[swift-evolution] [Pitch] Refactor Metatypes

Russ Bishop xenadu at gmail.com
Sat Oct 1 00:25:19 CDT 2016

> On Sep 29, 2016, at 7:29 PM, Brent Royal-Gordon <brent at architechies.com> wrote:
>> On Sep 29, 2016, at 3:24 PM, Russ Bishop via swift-evolution <swift-evolution at swift.org> wrote:
>> Why would we not have type(of:) and subtype(of:)? Why would I want the Subtype<T> instead of the specific Type<T>?
> Let's turn this around. Suppose you write:
> 	let obj: NSObject = …
> 	let ty = type(of: obj)
> What is `ty`? Well, it's a `Type<NSObject>`, and there's only one of those: `NSObject.self`. So there's only one possible instance that could be assigned to that variable.
> This is true in general: If `type(of:)` returns `Type<T>`, then it can only have one possible return value. In other words, the return value of `type(of:)` would always be the *static* type of the variable, not its dynamic type. There may be some narrow cases where that'd be useful, but 99% of the time, you want `subtype(of:)` because you're trying to discover which of many dynamic subtypes of the static type you're actually dealing with. So most uses of `type(of:)` would probably be mistaken attempts to perform `subtype(of:)` instead.
>> What is the rationale for losing the meta type relationships by having Type<U> not be a subtype of Type<T>?
> The relationships aren't lost; they're just expressed through `Subtype`, not `Type`.
> Again, turn this around. `Subtype` is the normal thing that you'll want to use most of the time. `Type` is the weird thing whose existence is hard to explain. (One version of this proposal used `Type` for `Subtype` and `ExactType` for `Type` in order to imply that subtype is usually what you want, but some of the contributors weren't happy with that.)
> So, `Type` is the weird thing. Why does it exist? Two reasons:
> 1. `Subtype<T>` only includes *inheritable* type members of `T`. `Type<T>` also includes *non-inheritable* members, particularly non-required initializers.
> 2. It allows precise type matches: `subty is Subtype<NSObject>` would match for any subtype of `NSObject`, whereas `subty is Type<NSObject>` would only match for `NSObject` itself.
> -- 
> Brent Royal-Gordon
> Architechies

I understand what you’re getting at. 

This topic is confusing enough that I think it warrants being extremely clear about the naming. Type and Subtype feel like a class hierarchy and that’s not exactly what we are doing here. If Type<T> represents the static type of T then let’s just call it StaticType<T>. If the thing most people want to work with is the dynamic type Subtype<T> then let’s just call it that: DynamicType<T>.

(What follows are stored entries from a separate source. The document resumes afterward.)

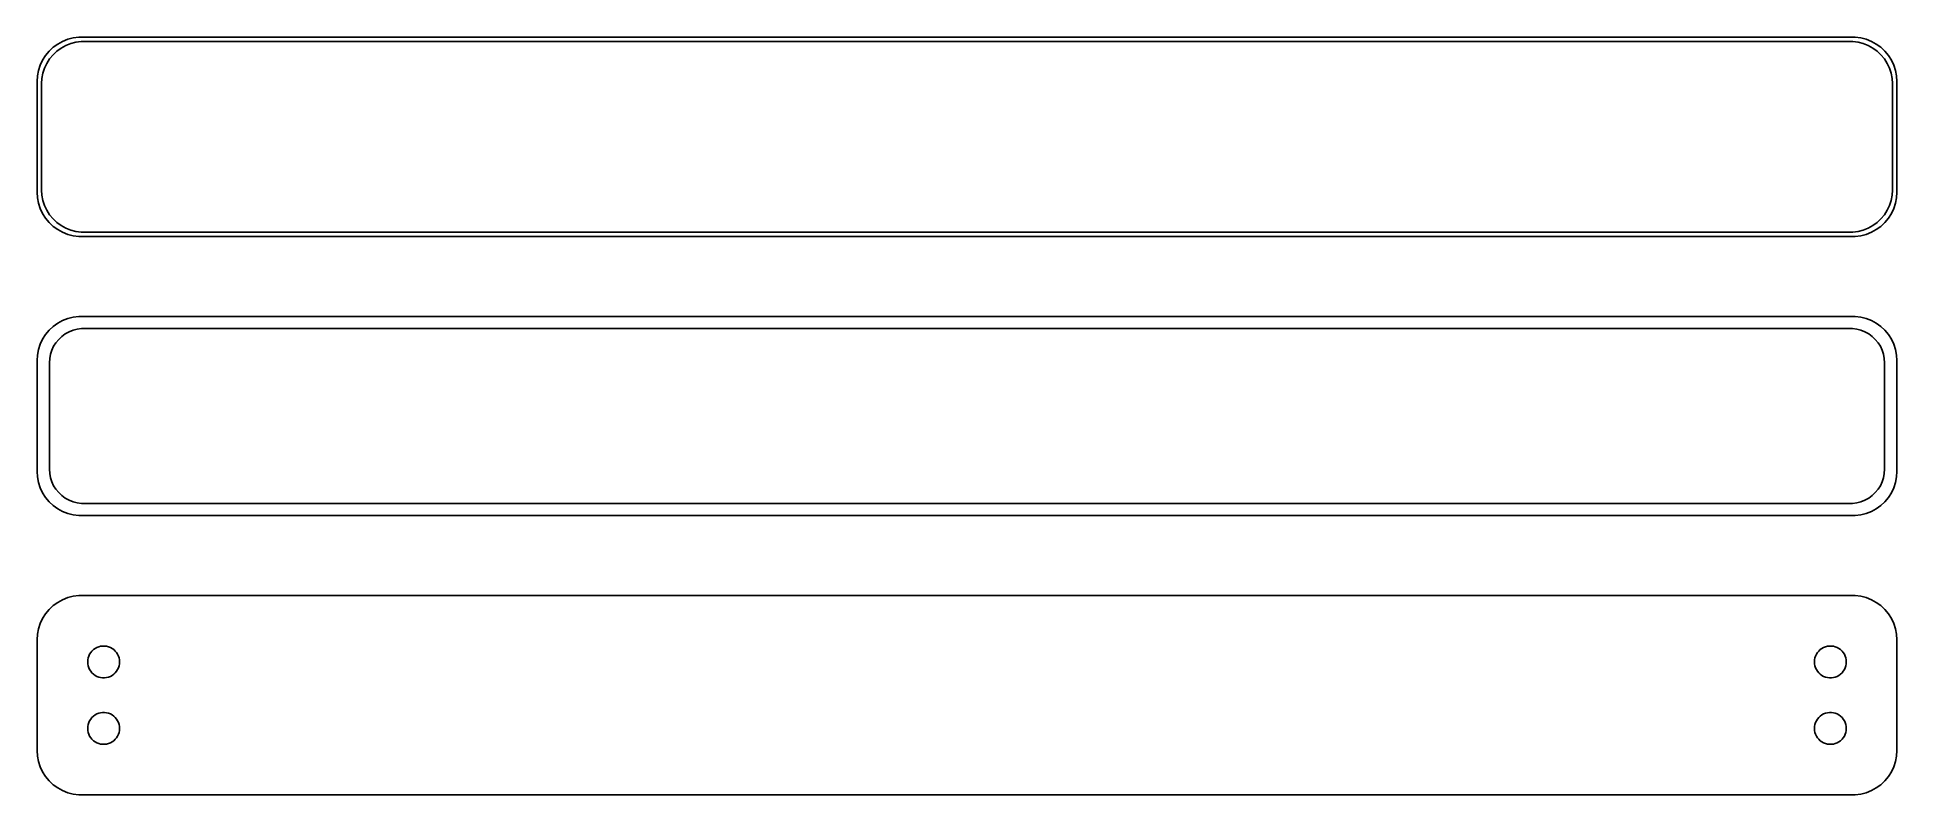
# Model space of a CAD drawing. Header units: metres. Extents: x -105 to 105, y 52 to 137.
import ezdxf

# ---------------------------------------------------------------- set-up
doc = ezdxf.new("R2010")
doc.units = ezdxf.units.M

msp = doc.modelspace()

# ---------------------------------------------------------------- linework, layer by layer
for p, q in [((-102.129, 136.774), (-102.679, 136.472)), ((-101.545, 137.005), (-102.129, 136.774)), ((-101.772, 136.298), (-101.218, 136.518)), ((-100.937, 137.161), (-101.545, 137.005)), ((-101.218, 136.518), (-100.64, 136.666)), ((-100.314, 137.24), (-100.937, 137.161)), ((-100.64, 136.666), (-100.048, 136.741)), ((100.314, 137.24), (-100.314, 137.24)), ((-100.048, 136.741), (100.048, 136.741)), ((100.048, 136.741), (100.64, 136.666)), ((100.937, 137.161), (100.314, 137.24)), ((100.64, 136.666), (101.218, 136.518)), ((101.545, 137.005), (100.937, 137.161)), ((101.218, 136.518), (101.772, 136.298)), ((102.129, 136.774), (101.545, 137.005)), ((102.679, 136.472), (102.129, 136.774)), ((-104.382, 134.659), (-104.649, 134.091)), ((-104.045, 135.189), (-104.382, 134.659)), ((-103.645, 135.673), (-104.045, 135.189)), ((-103.912, 134.288), (-103.593, 134.792)), ((-103.187, 136.103), (-103.645, 135.673)), ((-103.593, 134.792), (-103.213, 135.252)), ((-103.213, 135.252), (-102.778, 135.66)), ((-102.679, 136.472), (-103.187, 136.103)), ((-102.778, 135.66), (-102.295, 136.011)), ((-102.295, 136.011), (-101.772, 136.298)), ((101.772, 136.298), (102.295, 136.011)), ((102.295, 136.011), (102.778, 135.66)), ((103.187, 136.103), (102.679, 136.472)), ((102.778, 135.66), (103.213, 135.252)), ((103.645, 135.673), (103.187, 136.103)), ((103.213, 135.252), (103.593, 134.792)), ((103.593, 134.792), (103.912, 134.288)), ((104.045, 135.189), (103.645, 135.673)), ((104.382, 134.659), (104.045, 135.189)), ((104.649, 134.091), (104.382, 134.659)), ((-104.961, 132.877), (-105, 132.25)), ((-104.843, 133.493), (-104.961, 132.877)), ((-104.649, 134.091), (-104.843, 133.493)), ((-104.5, 132), (-104.463, 132.595)), ((-104.463, 132.595), (-104.351, 133.181)), ((-104.351, 133.181), (-104.166, 133.749)), ((-104.166, 133.749), (-103.912, 134.288)), ((103.912, 134.288), (104.166, 133.749)), ((104.166, 133.749), (104.351, 133.181)), ((104.351, 133.181), (104.463, 132.595)), ((104.463, 132.595), (104.5, 132)), ((104.843, 133.493), (104.649, 134.091)), ((104.961, 132.877), (104.843, 133.493)), ((105, 132.25), (104.961, 132.877)), ((-105, 132.25), (-105, 119.75)), ((-104.5, 120), (-104.5, 132)), ((104.5, 132), (104.5, 120)), ((105, 119.75), (105, 132.25)), ((-105, 119.75), (-104.961, 119.123)), ((-104.463, 119.405), (-104.5, 120)), ((104.5, 120), (104.463, 119.405)), ((104.961, 119.123), (105, 119.75)), ((-104.961, 119.123), (-104.843, 118.507)), ((-104.843, 118.507), (-104.649, 117.909)), ((-104.649, 117.909), (-104.382, 117.341)), ((-104.351, 118.819), (-104.463, 119.405)), ((-104.166, 118.251), (-104.351, 118.819)), ((-103.912, 117.712), (-104.166, 118.251)), ((-103.593, 117.208), (-103.912, 117.712)), ((103.912, 117.712), (103.593, 117.208)), ((104.166, 118.251), (103.912, 117.712)), ((104.351, 118.819), (104.166, 118.251)), ((104.463, 119.405), (104.351, 118.819)), ((104.382, 117.341), (104.649, 117.909)), ((104.649, 117.909), (104.843, 118.507)), ((104.843, 118.507), (104.961, 119.123)), ((-104.382, 117.341), (-104.045, 116.811)), ((-104.045, 116.811), (-103.645, 116.327)), ((-103.645, 116.327), (-103.187, 115.897)), ((-103.213, 116.748), (-103.593, 117.208)), ((-102.778, 116.34), (-103.213, 116.748)), ((-103.187, 115.897), (-102.679, 115.528)), ((-102.295, 115.989), (-102.778, 116.34)), ((-102.679, 115.528), (-102.129, 115.226)), ((-101.772, 115.702), (-102.295, 115.989)), ((-101.218, 115.482), (-101.772, 115.702)), ((101.772, 115.702), (101.218, 115.482)), ((102.295, 115.989), (101.772, 115.702)), ((102.129, 115.226), (102.679, 115.528)), ((102.778, 116.34), (102.295, 115.989)), ((102.679, 115.528), (103.187, 115.897)), ((103.213, 116.748), (102.778, 116.34)), ((103.187, 115.897), (103.645, 116.327)), ((103.593, 117.208), (103.213, 116.748)), ((103.645, 116.327), (104.045, 116.811)), ((104.045, 116.811), (104.382, 117.341)), ((-102.129, 115.226), (-101.545, 114.995)), ((-101.545, 114.995), (-100.937, 114.839)), ((-100.64, 115.334), (-101.218, 115.482)), ((-100.937, 114.839), (-100.314, 114.76)), ((-100.048, 115.259), (-100.64, 115.334)), ((-100.314, 114.76), (100.314, 114.76)), ((100.048, 115.259), (-100.048, 115.259)), ((100.64, 115.334), (100.048, 115.259)), ((100.314, 114.76), (100.937, 114.839)), ((101.218, 115.482), (100.64, 115.334)), ((100.937, 114.839), (101.545, 114.995)), ((101.545, 114.995), (102.129, 115.226)), ((-102.129, 105.274), (-102.679, 104.972)), ((-101.545, 105.505), (-102.129, 105.274)), ((-100.937, 105.661), (-101.545, 105.505)), ((-100.314, 105.74), (-100.937, 105.661)), ((100.314, 105.74), (-100.314, 105.74)), ((100.937, 105.661), (100.314, 105.74)), ((101.545, 105.505), (100.937, 105.661)), ((102.129, 105.274), (101.545, 105.505)), ((102.679, 104.972), (102.129, 105.274)), ((-104.382, 103.159), (-104.649, 102.591)), ((-104.045, 103.689), (-104.382, 103.159)), ((-103.645, 104.173), (-104.045, 103.689)), ((-103.187, 104.603), (-103.645, 104.173)), ((-102.679, 104.972), (-103.187, 104.603)), ((-102.88, 102.774), (-102.571, 103.149)), ((-102.571, 103.149), (-102.216, 103.481)), ((-102.216, 103.481), (-101.823, 103.767)), ((-101.823, 103.767), (-101.398, 104.001)), ((-101.398, 104.001), (-100.946, 104.18)), ((-100.946, 104.18), (-100.475, 104.301)), ((-100.475, 104.301), (-99.993, 104.362)), ((-99.993, 104.362), (99.993, 104.362)), ((99.993, 104.362), (100.475, 104.301)), ((100.475, 104.301), (100.946, 104.18)), ((100.946, 104.18), (101.398, 104.001)), ((101.398, 104.001), (101.823, 103.767)), ((101.823, 103.767), (102.216, 103.481)), ((102.216, 103.481), (102.571, 103.149)), ((102.571, 103.149), (102.88, 102.774)), ((103.187, 104.603), (102.679, 104.972)), ((103.645, 104.173), (103.187, 104.603)), ((104.045, 103.689), (103.645, 104.173)), ((104.382, 103.159), (104.045, 103.689)), ((104.649, 102.591), (104.382, 103.159)), ((-104.961, 101.377), (-105, 100.75)), ((-104.843, 101.993), (-104.961, 101.377)), ((-104.649, 102.591), (-104.843, 101.993)), ((-103.619, 100.5), (-103.589, 100.985)), ((-103.589, 100.985), (-103.498, 101.462)), ((-103.498, 101.462), (-103.348, 101.924)), ((-103.348, 101.924), (-103.141, 102.364)), ((-103.141, 102.364), (-102.88, 102.774)), ((102.88, 102.774), (103.141, 102.364)), ((103.141, 102.364), (103.348, 101.924)), ((103.348, 101.924), (103.498, 101.462)), ((103.498, 101.462), (103.589, 100.985)), ((103.589, 100.985), (103.619, 100.5)), ((104.843, 101.993), (104.649, 102.591)), ((104.961, 101.377), (104.843, 101.993)), ((105, 100.75), (104.961, 101.377)), ((-105, 100.75), (-105, 88.25)), ((-103.619, 88.5), (-103.619, 100.5)), ((103.619, 100.5), (103.619, 88.5)), ((105, 88.25), (105, 100.75)), ((-105, 88.25), (-104.961, 87.6233)), ((-103.589, 88.015), (-103.619, 88.5)), ((103.619, 88.5), (103.589, 88.015)), ((104.961, 87.6233), (105, 88.25)), ((-104.961, 87.6233), (-104.843, 87.0066)), ((-104.843, 87.0066), (-104.649, 86.4094)), ((-104.649, 86.4094), (-104.382, 85.8412)), ((-103.498, 87.5377), (-103.589, 88.015)), ((-103.348, 87.0756), (-103.498, 87.5377)), ((-103.141, 86.6359), (-103.348, 87.0756)), ((-102.88, 86.2256), (-103.141, 86.6359)), ((-102.571, 85.8512), (-102.88, 86.2256)), ((102.88, 86.2256), (102.571, 85.8512)), ((103.141, 86.6359), (102.88, 86.2256)), ((103.348, 87.0756), (103.141, 86.6359)), ((103.498, 87.5377), (103.348, 87.0756)), ((103.589, 88.015), (103.498, 87.5377)), ((104.382, 85.8412), (104.649, 86.4094)), ((104.649, 86.4094), (104.843, 87.0066)), ((104.843, 87.0066), (104.961, 87.6233)), ((-104.382, 85.8412), (-104.045, 85.3111)), ((-104.045, 85.3111), (-103.645, 84.8273)), ((-103.645, 84.8273), (-103.187, 84.3974)), ((-103.187, 84.3974), (-102.679, 84.0284)), ((-102.679, 84.0284), (-102.129, 83.7259)), ((-102.216, 85.5185), (-102.571, 85.8512)), ((-101.823, 85.2329), (-102.216, 85.5185)), ((-101.398, 84.9988), (-101.823, 85.2329)), ((-100.946, 84.8199), (-101.398, 84.9988)), ((-100.475, 84.6991), (-100.946, 84.8199)), ((-99.993, 84.6382), (-100.475, 84.6991)), ((99.993, 84.6382), (-99.993, 84.6382)), ((100.475, 84.6991), (99.993, 84.6382)), ((100.946, 84.8199), (100.475, 84.6991)), ((101.398, 84.9988), (100.946, 84.8199)), ((101.823, 85.2329), (101.398, 84.9988)), ((102.216, 85.5185), (101.823, 85.2329)), ((102.129, 83.7259), (102.679, 84.0284)), ((102.571, 85.8512), (102.216, 85.5185)), ((102.679, 84.0284), (103.187, 84.3974)), ((103.187, 84.3974), (103.645, 84.8273)), ((103.645, 84.8273), (104.045, 85.3111)), ((104.045, 85.3111), (104.382, 85.8412)), ((-102.129, 83.7259), (-101.545, 83.4947)), ((-101.545, 83.4947), (-100.937, 83.3386)), ((-100.937, 83.3386), (-100.314, 83.2599)), ((-100.314, 83.2599), (100.314, 83.2599)), ((100.314, 83.2599), (100.937, 83.3386)), ((100.937, 83.3386), (101.545, 83.4947)), ((101.545, 83.4947), (102.129, 83.7259)), ((-102.129, 73.7741), (-102.679, 73.4716)), ((-101.545, 74.0053), (-102.129, 73.7741)), ((-100.937, 74.1614), (-101.545, 74.0053)), ((-100.314, 74.2401), (-100.937, 74.1614)), ((100.314, 74.2401), (-100.314, 74.2401)), ((100.937, 74.1614), (100.314, 74.2401)), ((101.545, 74.0053), (100.937, 74.1614)), ((102.129, 73.7741), (101.545, 74.0053)), ((102.679, 73.4716), (102.129, 73.7741)), ((-104.382, 71.6588), (-104.649, 71.0906)), ((-104.045, 72.1889), (-104.382, 71.6588)), ((-103.645, 72.6727), (-104.045, 72.1889)), ((-103.187, 73.1026), (-103.645, 72.6727)), ((-102.679, 73.4716), (-103.187, 73.1026)), ((103.187, 73.1026), (102.679, 73.4716)), ((103.645, 72.6727), (103.187, 73.1026)), ((104.045, 72.1889), (103.645, 72.6727)), ((104.382, 71.6588), (104.045, 72.1889)), ((104.649, 71.0906), (104.382, 71.6588)), ((-104.961, 69.8767), (-105, 69.25)), ((-104.843, 70.4934), (-104.961, 69.8767)), ((-104.649, 71.0906), (-104.843, 70.4934)), ((104.843, 70.4934), (104.649, 71.0906)), ((104.961, 69.8767), (104.843, 70.4934)), ((105, 69.25), (104.961, 69.8767)), ((-105, 69.25), (-105, 56.75)), ((-99.2434, 67.1976), (-99.1736, 67.4126)), ((-99.1736, 67.4126), (-99.0773, 67.6171)), ((-99.0773, 67.6171), (-98.9562, 67.808)), ((-98.9562, 67.808), (-98.8121, 67.9822)), ((-98.8121, 67.9822), (-98.6474, 68.1369)), ((-98.6474, 68.1369), (-98.4645, 68.2698)), ((-98.4645, 68.2698), (-98.2664, 68.3787)), ((-98.2664, 68.3787), (-98.0562, 68.4619)), ((-98.0562, 68.4619), (-97.8373, 68.5181)), ((-97.8373, 68.5181), (-97.613, 68.5464)), ((-97.613, 68.5464), (-97.387, 68.5464)), ((-97.387, 68.5464), (-97.1627, 68.5181)), ((-97.1627, 68.5181), (-96.9438, 68.4619)), ((-96.9438, 68.4619), (-96.7336, 68.3787)), ((-96.7336, 68.3787), (-96.5355, 68.2698)), ((-96.5355, 68.2698), (-96.3526, 68.1369)), ((-96.3526, 68.1369), (-96.1879, 67.9822)), ((-96.1879, 67.9822), (-96.0438, 67.808)), ((-96.0438, 67.808), (-95.9226, 67.6171)), ((-95.9226, 67.6171), (-95.8264, 67.4126)), ((-95.8264, 67.4126), (-95.7565, 67.1976)), ((95.7565, 67.1976), (95.8264, 67.4126)), ((95.8264, 67.4126), (95.9226, 67.6171)), ((95.9226, 67.6171), (96.0438, 67.808)), ((96.0438, 67.808), (96.1879, 67.9822)), ((96.1879, 67.9822), (96.3526, 68.1369)), ((96.3526, 68.1369), (96.5355, 68.2698)), ((96.5355, 68.2698), (96.7336, 68.3787)), ((96.7336, 68.3787), (96.9438, 68.4619)), ((96.9438, 68.4619), (97.1627, 68.5181)), ((97.1627, 68.5181), (97.387, 68.5464)), ((97.387, 68.5464), (97.613, 68.5464)), ((97.613, 68.5464), (97.8373, 68.5181)), ((97.8373, 68.5181), (98.0562, 68.4619)), ((98.0562, 68.4619), (98.2664, 68.3787)), ((98.2664, 68.3787), (98.4645, 68.2698)), ((98.4645, 68.2698), (98.6474, 68.1369)), ((98.6474, 68.1369), (98.8121, 67.9822)), ((98.8121, 67.9822), (98.9562, 67.808)), ((98.9562, 67.808), (99.0773, 67.6171)), ((99.0773, 67.6171), (99.1736, 67.4126)), ((99.1736, 67.4126), (99.2434, 67.1976)), ((105, 56.75), (105, 69.25)), ((-99.3, 66.75), (-99.2858, 66.9756)), ((-99.2858, 66.5244), (-99.3, 66.75)), ((-99.2858, 66.9756), (-99.2434, 67.1976)), ((-99.2434, 66.3024), (-99.2858, 66.5244)), ((-99.1736, 66.0874), (-99.2434, 66.3024)), ((-99.0773, 65.8828), (-99.1736, 66.0874)), ((-98.9562, 65.692), (-99.0773, 65.8828)), ((-98.8121, 65.5178), (-98.9562, 65.692)), ((-98.6474, 65.3631), (-98.8121, 65.5178)), ((-98.4645, 65.2302), (-98.6474, 65.3631)), ((-98.2664, 65.1213), (-98.4645, 65.2302)), ((-98.0562, 65.0381), (-98.2664, 65.1213)), ((-96.7336, 65.1213), (-96.9438, 65.0381)), ((-96.5355, 65.2302), (-96.7336, 65.1213)), ((-96.3526, 65.3631), (-96.5355, 65.2302)), ((-96.1879, 65.5178), (-96.3526, 65.3631)), ((-96.0438, 65.692), (-96.1879, 65.5178)), ((-95.9226, 65.8828), (-96.0438, 65.692)), ((-95.8264, 66.0874), (-95.9226, 65.8828)), ((-95.7565, 66.3024), (-95.8264, 66.0874)), ((-95.7565, 67.1976), (-95.7142, 66.9756)), ((-95.7142, 66.5244), (-95.7565, 66.3024)), ((-95.7142, 66.9756), (-95.7, 66.75)), ((-95.7, 66.75), (-95.7142, 66.5244)), ((95.7, 66.75), (95.7142, 66.9756)), ((95.7142, 66.5244), (95.7, 66.75)), ((95.7142, 66.9756), (95.7565, 67.1976)), ((95.7565, 66.3024), (95.7142, 66.5244)), ((95.8264, 66.0874), (95.7565, 66.3024)), ((95.9226, 65.8828), (95.8264, 66.0874)), ((96.0438, 65.692), (95.9226, 65.8828)), ((96.1879, 65.5178), (96.0438, 65.692)), ((96.3526, 65.3631), (96.1879, 65.5178)), ((96.5355, 65.2302), (96.3526, 65.3631)), ((96.7336, 65.1213), (96.5355, 65.2302)), ((96.9438, 65.0381), (96.7336, 65.1213)), ((98.2664, 65.1213), (98.0562, 65.0381)), ((98.4645, 65.2302), (98.2664, 65.1213)), ((98.6474, 65.3631), (98.4645, 65.2302)), ((98.8121, 65.5178), (98.6474, 65.3631)), ((98.9562, 65.692), (98.8121, 65.5178)), ((99.0773, 65.8828), (98.9562, 65.692)), ((99.1736, 66.0874), (99.0773, 65.8828)), ((99.2434, 66.3024), (99.1736, 66.0874)), ((99.2434, 67.1976), (99.2858, 66.9756)), ((99.2858, 66.5244), (99.2434, 66.3024)), ((99.2858, 66.9756), (99.3, 66.75)), ((99.3, 66.75), (99.2858, 66.5244)), ((-97.8373, 64.9819), (-98.0562, 65.0381)), ((-97.613, 64.9536), (-97.8373, 64.9819)), ((-97.387, 64.9536), (-97.613, 64.9536)), ((-97.1627, 64.9819), (-97.387, 64.9536)), ((-96.9438, 65.0381), (-97.1627, 64.9819)), ((97.1627, 64.9819), (96.9438, 65.0381)), ((97.387, 64.9536), (97.1627, 64.9819)), ((97.613, 64.9536), (97.387, 64.9536)), ((97.8373, 64.9819), (97.613, 64.9536)), ((98.0562, 65.0381), (97.8373, 64.9819)), ((-98.2664, 60.8787), (-98.0562, 60.9619)), ((-98.0562, 60.9619), (-97.8373, 61.0181)), ((-97.8373, 61.0181), (-97.613, 61.0464)), ((-97.613, 61.0464), (-97.387, 61.0464)), ((-97.387, 61.0464), (-97.1627, 61.0181)), ((-97.1627, 61.0181), (-96.9438, 60.9619)), ((-96.9438, 60.9619), (-96.7336, 60.8787)), ((96.7336, 60.8787), (96.9438, 60.9619)), ((96.9438, 60.9619), (97.1627, 61.0181)), ((97.1627, 61.0181), (97.387, 61.0464)), ((97.387, 61.0464), (97.613, 61.0464)), ((97.613, 61.0464), (97.8373, 61.0181)), ((97.8373, 61.0181), (98.0562, 60.9619)), ((98.0562, 60.9619), (98.2664, 60.8787)), ((-99.3, 59.25), (-99.2858, 59.4756)), ((-99.2858, 59.0244), (-99.3, 59.25)), ((-99.2858, 59.4756), (-99.2434, 59.6976)), ((-99.2434, 58.8024), (-99.2858, 59.0244)), ((-99.2434, 59.6976), (-99.1736, 59.9126)), ((-99.1736, 58.5874), (-99.2434, 58.8024)), ((-99.1736, 59.9126), (-99.0773, 60.1172)), ((-99.0773, 60.1172), (-98.9562, 60.308)), ((-98.9562, 60.308), (-98.8121, 60.4822)), ((-98.8121, 60.4822), (-98.6474, 60.6369)), ((-98.6474, 60.6369), (-98.4645, 60.7698)), ((-98.4645, 60.7698), (-98.2664, 60.8787)), ((-96.7336, 60.8787), (-96.5355, 60.7698)), ((-96.5355, 60.7698), (-96.3526, 60.6369)), ((-96.3526, 60.6369), (-96.1879, 60.4822)), ((-96.1879, 60.4822), (-96.0438, 60.308)), ((-96.0438, 60.308), (-95.9226, 60.1172)), ((-95.9226, 60.1172), (-95.8264, 59.9126)), ((-95.8264, 59.9126), (-95.7565, 59.6976)), ((-95.7565, 58.8024), (-95.8264, 58.5874)), ((-95.7565, 59.6976), (-95.7142, 59.4756)), ((-95.7142, 59.0244), (-95.7565, 58.8024)), ((-95.7142, 59.4756), (-95.7, 59.25)), ((-95.7, 59.25), (-95.7142, 59.0244)), ((95.7, 59.25), (95.7142, 59.4756)), ((95.7142, 59.0244), (95.7, 59.25)), ((95.7142, 59.4756), (95.7565, 59.6976)), ((95.7565, 58.8024), (95.7142, 59.0244)), ((95.7565, 59.6976), (95.8264, 59.9126)), ((95.8264, 58.5874), (95.7565, 58.8024)), ((95.8264, 59.9126), (95.9226, 60.1172)), ((95.9226, 60.1172), (96.0438, 60.308)), ((96.0438, 60.308), (96.1879, 60.4822)), ((96.1879, 60.4822), (96.3526, 60.6369)), ((96.3526, 60.6369), (96.5355, 60.7698)), ((96.5355, 60.7698), (96.7336, 60.8787)), ((98.2664, 60.8787), (98.4645, 60.7698)), ((98.4645, 60.7698), (98.6474, 60.6369)), ((98.6474, 60.6369), (98.8121, 60.4822)), ((98.8121, 60.4822), (98.9562, 60.308)), ((98.9562, 60.308), (99.0773, 60.1172)), ((99.0773, 60.1172), (99.1736, 59.9126)), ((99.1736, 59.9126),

Now this becomes really clear:

class A { }
class B: A { }

//clearly only ever represents A as a type
let metatype_1 = statictype(of: A())

//clearly might dynamically be A, B, or any subclass
let metatype_2 = dynamictype(of: A())

It also becomes trivially easy to explain because the name follows the explanation. Why can I only use required initializers on DynamicType<A>? Because we don’t know if the initializer is available; the dynamic type may differ at runtime. StaticType<A> knows exactly what is available on A because it is statically known at compile time.